W T McLennan (aka toejam)
[email protected]
256-776-4273


----------



## NCangler308 (Nov 19, 2009)

Any of the pliers that you mentioned are nice. My prefered pliers is my Gerber multi-tool. I have one of these that I have dedicated as strictly my "fishing pliers". I have had it for about 12 years and carry it everytime I go fishing....fresh or saltwater. It still looks and works like a charm. Just treat it like any of my other gear and rinse it like any other item that you use at the beach.

I will say that I did forget the Gerber one trip to the beach last year and bought one of the plastic X-tool pliers to get me through and after a night of pulling hooks etc... the jaws were marred up.
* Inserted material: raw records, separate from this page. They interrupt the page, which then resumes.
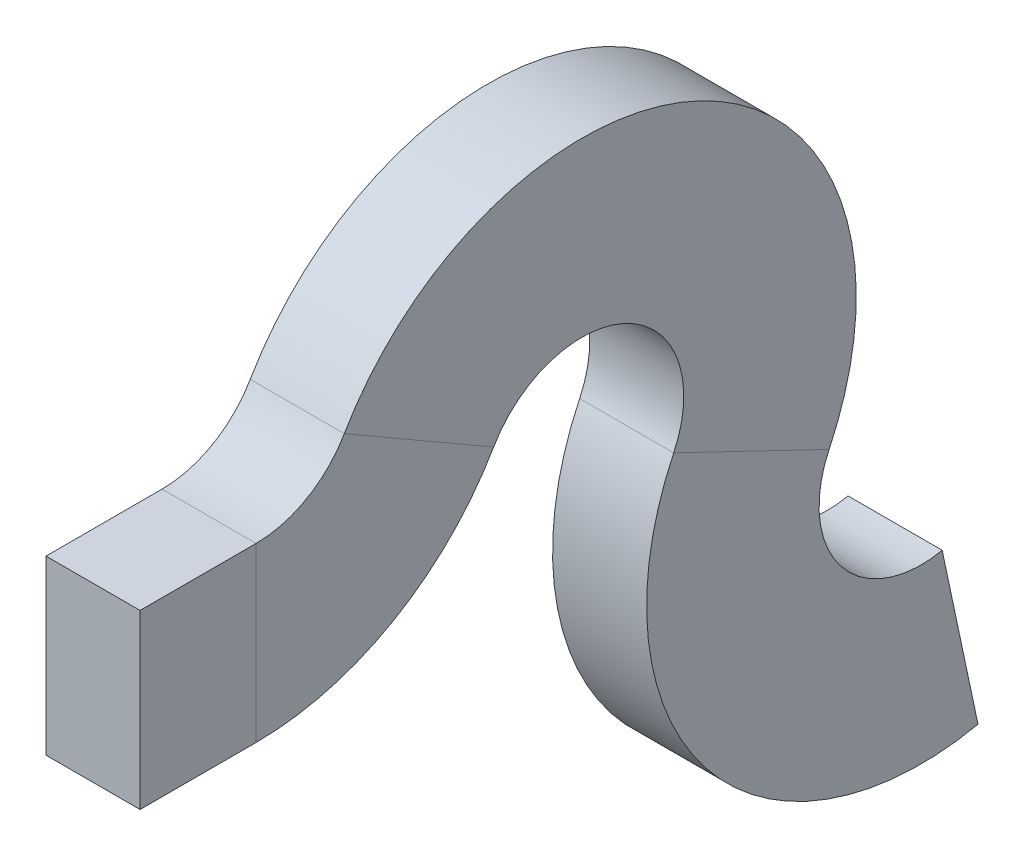
ISO-10303-21;
HEADER;
FILE_DESCRIPTION(('STEP AP214'),'2;1');
FILE_NAME('part.step','',(''),(''),'','','');
FILE_SCHEMA(('AUTOMOTIVE_DESIGN { 1 0 10303 214 1 1 1 1 }'));
ENDSEC;
DATA;
#1=APPLICATION_CONTEXT('core data for automotive mechanical design processes');
#2=APPLICATION_PROTOCOL_DEFINITION('international standard','automotive_design',2000,#1);
#3=PRODUCT_CONTEXT('',#1,'mechanical');
#4=PRODUCT('Part','Part','',(#3));
#5=PRODUCT_RELATED_PRODUCT_CATEGORY('part','',(#4));
#6=PRODUCT_DEFINITION_FORMATION('','',#4);
#7=PRODUCT_DEFINITION_CONTEXT('part definition',#1,'design');
#8=PRODUCT_DEFINITION('design','',#6,#7);
#9=PRODUCT_DEFINITION_SHAPE('','',#8);
#10=(LENGTH_UNIT() NAMED_UNIT(*) SI_UNIT(.MILLI.,.METRE.));
#11=(NAMED_UNIT(*) PLANE_ANGLE_UNIT() SI_UNIT($,.RADIAN.));
#12=(NAMED_UNIT(*) SI_UNIT($,.STERADIAN.) SOLID_ANGLE_UNIT());
#13=UNCERTAINTY_MEASURE_WITH_UNIT(LENGTH_MEASURE(1.E-05),#10,'distance_accuracy_value','');
#14=(GEOMETRIC_REPRESENTATION_CONTEXT(3) GLOBAL_UNCERTAINTY_ASSIGNED_CONTEXT((#13)) GLOBAL_UNIT_ASSIGNED_CONTEXT((#10,
#11,#12)) REPRESENTATION_CONTEXT('',''));
#15=CARTESIAN_POINT('',(0.,0.,0.));
#16=DIRECTION('',(0.,0.,1.));
#17=DIRECTION('',(1.,0.,0.));
#18=AXIS2_PLACEMENT_3D('',#15,#16,#17);
#19=CARTESIAN_POINT('',(0.,0.,0.));
#20=DIRECTION('',(0.,0.,-1.));
#21=DIRECTION('',(-1.,0.,0.));
#22=AXIS2_PLACEMENT_3D('',#19,#20,#21);
#23=PLANE('',#22);
#24=DIRECTION('',(0.,1.,0.));
#25=VECTOR('',#24,1.);
#26=CARTESIAN_POINT('',(15.,-27.5,0.));
#27=LINE('',#26,#25);
#28=CARTESIAN_POINT('',(15.,-27.5,0.));
#29=VERTEX_POINT('',#28);
#30=CARTESIAN_POINT('',(15.,27.5,0.));
#31=VERTEX_POINT('',#30);
#32=EDGE_CURVE('E130',#29,#31,#27,.T.);
#33=ORIENTED_EDGE('',*,*,#32,.T.);
#34=DIRECTION('',(-1.,0.,0.));
#35=VECTOR('',#34,1.);
#36=CARTESIAN_POINT('',(-15.,27.5,0.));
#37=LINE('',#36,#35);
#38=CARTESIAN_POINT('',(-15.,27.5,0.));
#39=VERTEX_POINT('',#38);
#40=EDGE_CURVE('E140',#31,#39,#37,.T.);
#41=ORIENTED_EDGE('',*,*,#40,.T.);
#42=DIRECTION('',(0.,-1.,0.));
#43=VECTOR('',#42,1.);
#44=CARTESIAN_POINT('',(-15.,-27.5,0.));
#45=LINE('',#44,#43);
#46=CARTESIAN_POINT('',(-15.,-27.5,0.));
#47=VERTEX_POINT('',#46);
#48=EDGE_CURVE('E144',#39,#47,#45,.T.);
#49=ORIENTED_EDGE('',*,*,#48,.T.);
#50=DIRECTION('',(1.,0.,0.));
#51=VECTOR('',#50,1.);
#52=CARTESIAN_POINT('',(-15.,-27.5,0.));
#53=LINE('',#52,#51);
#54=EDGE_CURVE('E143',#47,#29,#53,.T.);
#55=ORIENTED_EDGE('',*,*,#54,.T.);
#56=EDGE_LOOP('',(#33,#41,#49,#55));
#57=FACE_BOUND('',#56,.T.);
#58=ADVANCED_FACE('F34',(#57),#23,.F.);
#59=CARTESIAN_POINT('',(0.,-110.688856044028,-261.545796579964));
#60=DIRECTION('',(0.,0.207911690817759,-0.978147600733806));
#61=DIRECTION('',(-1.,0.,0.));
#62=AXIS2_PLACEMENT_3D('',#59,#60,#61);
#63=PLANE('',#62);
#64=DIRECTION('',(0.,0.978147600733806,0.207911690817759));
#65=VECTOR('',#64,1.);
#66=CARTESIAN_POINT('',(15.,-137.587915064208,-267.263368077453));
#67=LINE('',#66,#65);
#68=CARTESIAN_POINT('',(15.,-137.587915064208,-267.263368077453));
#69=VERTEX_POINT('',#68);
#70=CARTESIAN_POINT('',(15.,-83.7897970238487,-255.828225082476));
#71=VERTEX_POINT('',#70);
#72=EDGE_CURVE('E177',#69,#71,#67,.T.);
#73=ORIENTED_EDGE('',*,*,#72,.F.);
#74=DIRECTION('',(1.,0.,0.));
#75=VECTOR('',#74,1.);
#76=CARTESIAN_POINT('',(-15.,-137.587915064208,-267.263368077453));
#77=LINE('',#76,#75);
#78=CARTESIAN_POINT('',(-15.,-137.587915064208,-267.263368077453));
#79=VERTEX_POINT('',#78);
#80=EDGE_CURVE('E11',#79,#69,#77,.T.);
#81=ORIENTED_EDGE('',*,*,#80,.F.);
#82=DIRECTION('',(0.,-0.978147600733806,-0.207911690817759));
#83=VECTOR('',#82,1.);
#84=CARTESIAN_POINT('',(-15.,-137.587915064208,-267.263368077453));
#85=LINE('',#84,#83);
#86=CARTESIAN_POINT('',(-15.,-83.7897970238487,-255.828225082476));
#87=VERTEX_POINT('',#86);
#88=EDGE_CURVE('E48',#87,#79,#85,.T.);
#89=ORIENTED_EDGE('',*,*,#88,.F.);
#90=DIRECTION('',(-1.,0.,0.));
#91=VECTOR('',#90,1.);
#92=CARTESIAN_POINT('',(-15.,-83.7897970238487,-255.828225082476));
#93=LINE('',#92,#91);
#94=EDGE_CURVE('E57',#71,#87,#93,.T.);
#95=ORIENTED_EDGE('',*,*,#94,.F.);
#96=EDGE_LOOP('',(#73,#81,#89,#95));
#97=FACE_BOUND('',#96,.T.);
#98=ADVANCED_FACE('F258',(#97),#63,.T.);
#99=CARTESIAN_POINT('',(15.,-27.5,0.));
#100=DIRECTION('',(-1.,0.,0.));
#101=DIRECTION('',(0.,0.,1.));
#102=AXIS2_PLACEMENT_3D('',#99,#100,#101);
#103=PLANE('',#102);
#104=DIRECTION('',(0.,0.,-1.));
#105=VECTOR('',#104,1.);
#106=CARTESIAN_POINT('',(15.,27.5,0.));
#107=LINE('',#106,#105);
#108=CARTESIAN_POINT('',(15.,27.5,-37.));
#109=VERTEX_POINT('',#108);
#110=EDGE_CURVE('E137',#31,#109,#107,.T.);
#111=ORIENTED_EDGE('',*,*,#110,.F.);
#112=ORIENTED_EDGE('',*,*,#32,.F.);
#113=DIRECTION('',(0.,0.,-1.));
#114=VECTOR('',#113,1.);
#115=CARTESIAN_POINT('',(15.,-27.5,0.));
#116=LINE('',#115,#114);
#117=CARTESIAN_POINT('',(15.,-27.5,-37.));
#118=VERTEX_POINT('',#117);
#119=EDGE_CURVE('E135',#29,#118,#116,.T.);
#120=ORIENTED_EDGE('',*,*,#119,.T.);
#121=DIRECTION('',(0.,1.,0.));
#122=VECTOR('',#121,1.);
#123=CARTESIAN_POINT('',(15.,-27.5,-37.));
#124=LINE('',#123,#122);
#125=EDGE_CURVE('E154',#118,#109,#124,.T.);
#126=ORIENTED_EDGE('',*,*,#125,.T.);
#127=EDGE_LOOP('',(#111,#112,#120,#126));
#128=FACE_BOUND('',#127,.T.);
#129=ADVANCED_FACE('F132',(#128),#103,.F.);
#130=CARTESIAN_POINT('',(-15.,27.5,0.));
#131=DIRECTION('',(0.,-1.,0.));
#132=DIRECTION('',(0.,0.,-1.));
#133=AXIS2_PLACEMENT_3D('',#130,#131,#132);
#134=PLANE('',#133);
#135=DIRECTION('',(0.,0.,-1.));
#136=VECTOR('',#135,1.);
#137=CARTESIAN_POINT('',(-15.,27.5,0.));
#138=LINE('',#137,#136);
#139=CARTESIAN_POINT('',(-15.,27.5,-37.));
#140=VERTEX_POINT('',#139);
#141=EDGE_CURVE('E188',#39,#140,#138,.T.);
#142=ORIENTED_EDGE('',*,*,#141,.F.);
#143=ORIENTED_EDGE('',*,*,#40,.F.);
#144=ORIENTED_EDGE('',*,*,#110,.T.);
#145=DIRECTION('',(-1.,0.,0.));
#146=VECTOR('',#145,1.);
#147=CARTESIAN_POINT('',(-15.,27.5,-37.));
#148=LINE('',#147,#146);
#149=EDGE_CURVE('E185',#109,#140,#148,.T.);
#150=ORIENTED_EDGE('',*,*,#149,.T.);
#151=EDGE_LOOP('',(#142,#143,#144,#150));
#152=FACE_BOUND('',#151,.T.);
#153=ADVANCED_FACE('F265',(#152),#134,.F.);
#154=CARTESIAN_POINT('',(-15.,-27.5,0.));
#155=DIRECTION('',(1.,0.,0.));
#156=DIRECTION('',(0.,0.,-1.));
#157=AXIS2_PLACEMENT_3D('',#154,#155,#156);
#158=PLANE('',#157);
#159=DIRECTION('',(0.,0.,-1.));
#160=VECTOR('',#159,1.);
#161=CARTESIAN_POINT('',(-15.,-27.5,0.));
#162=LINE('',#161,#160);
#163=CARTESIAN_POINT('',(-15.,-27.5,-37.));
#164=VERTEX_POINT('',#163);
#165=EDGE_CURVE('E206',#47,#164,#162,.T.);
#166=ORIENTED_EDGE('',*,*,#165,.F.);
#167=ORIENTED_EDGE('',*,*,#48,.F.);
#168=ORIENTED_EDGE('',*,*,#141,.T.);
#169=DIRECTION('',(0.,-1.,0.));
#170=VECTOR('',#169,1.);
#171=CARTESIAN_POINT('',(-15.,-27.5,-37.));
#172=LINE('',#171,#170);
#173=EDGE_CURVE('E191',#140,#164,#172,.T.);
#174=ORIENTED_EDGE('',*,*,#173,.T.);
#175=EDGE_LOOP('',(#166,#167,#168,#174));
#176=FACE_BOUND('',#175,.T.);
#177=ADVANCED_FACE('F254',(#176),#158,.F.);
#178=CARTESIAN_POINT('',(-15.,-27.5,0.));
#179=DIRECTION('',(0.,1.,0.));
#180=DIRECTION('',(0.,0.,1.));
#181=AXIS2_PLACEMENT_3D('',#178,#179,#180);
#182=PLANE('',#181);
#183=DIRECTION('',(1.,0.,0.));
#184=VECTOR('',#183,1.);
#185=CARTESIAN_POINT('',(-15.,-27.5,-37.));
#186=LINE('',#185,#184);
#187=EDGE_CURVE('E152',#164,#118,#186,.T.);
#188=ORIENTED_EDGE('',*,*,#187,.T.);
#189=ORIENTED_EDGE('',*,*,#119,.F.);
#190=ORIENTED_EDGE('',*,*,#54,.F.);
#191=ORIENTED_EDGE('',*,*,#165,.T.);
#192=EDGE_LOOP('',(#188,#189,#190,#191));
#193=FACE_BOUND('',#192,.T.);
#194=ADVANCED_FACE('F150',(#193),#182,.F.);
#195=CARTESIAN_POINT('',(15.,-27.5,-37.));
#196=DIRECTION('',(-1.,0.,0.));
#197=DIRECTION('',(0.,0.,1.));
#198=AXIS2_PLACEMENT_3D('',#195,#196,#197);
#199=PLANE('',#198);
#200=CARTESIAN_POINT('',(15.,60.,-37.));
#201=DIRECTION('',(1.,0.,0.));
#202=DIRECTION('',(0.,-1.,0.));
#203=AXIS2_PLACEMENT_3D('',#200,#201,#202);
#204=CIRCLE('',#203,32.5);
#205=CARTESIAN_POINT('',(15.,43.75,-65.1458256229943));
#206=VERTEX_POINT('',#205);
#207=EDGE_CURVE('E162',#109,#206,#204,.T.);
#208=ORIENTED_EDGE('',*,*,#207,.F.);
#209=ORIENTED_EDGE('',*,*,#125,.F.);
#210=CARTESIAN_POINT('',(15.,60.,-37.));
#211=DIRECTION('',(1.,0.,0.));
#212=DIRECTION('',(0.,-1.,0.));
#213=AXIS2_PLACEMENT_3D('',#210,#211,#212);
#214=CIRCLE('',#213,87.5);
#215=CARTESIAN_POINT('',(15.,16.25,-112.777222831138));
#216=VERTEX_POINT('',#215);
#217=EDGE_CURVE('E163',#118,#216,#214,.T.);
#218=ORIENTED_EDGE('',*,*,#217,.T.);
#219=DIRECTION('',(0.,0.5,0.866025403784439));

They do have some that have metal inserts in the jaws that probably wouldn't do this but I think the fact that they will float is the *ONLY* good thing about these pliers.


----------



## Juan_EZ (Apr 10, 2006)

8" Calcutta stainless steel needle nose pliers are my absolute fav!!


----------



## robschonk (Nov 29, 2006)

Two words: Dollar Tree


----------



## Fishman (Apr 23, 2000)

What ever you do buy stainless steel


----------



## AtlantaKing (Jul 7, 2002)

I buy a pair of 6" Craftsman needlenose pliers, drill a hole on one handle and braze on a stainless steel ring for my lanyard. After they get used a couple of times, they get rusty looking. Hit it with some WD-40, scrub off any flakes with a brass brush, and the pliers take on a dark, almost shiny patina that's rather rust resistant. Plus, the thing that makes the pliers great is: their cutters are hardened and will cut braid, the jaws are also hardened and have the correct geometry to grip everything from 6lb test line up to a 16/0 circle hook, and they are made right here in the USA!


----------



## rsqchief5 (Jan 5, 2009)

Your replacing them? Is it cause you lost them? If so, then what would be different if you owned a $40 pair or a $200 pair of Van Staal. Would a higher priced pair stop you from loosing them? I have a "decent" pair made by Rapala. Long needle nose with crimper and cutter that cost like $15 and I have a bunch of pairs that I bought at Harbour Frieght Tools for $3 each.


----------



## Brook (May 27, 2009)

Rank me with the disposable crowd! I can't seem to hang on to pliers---have even lost several high-end Leatherman tools by putting the down and walking away.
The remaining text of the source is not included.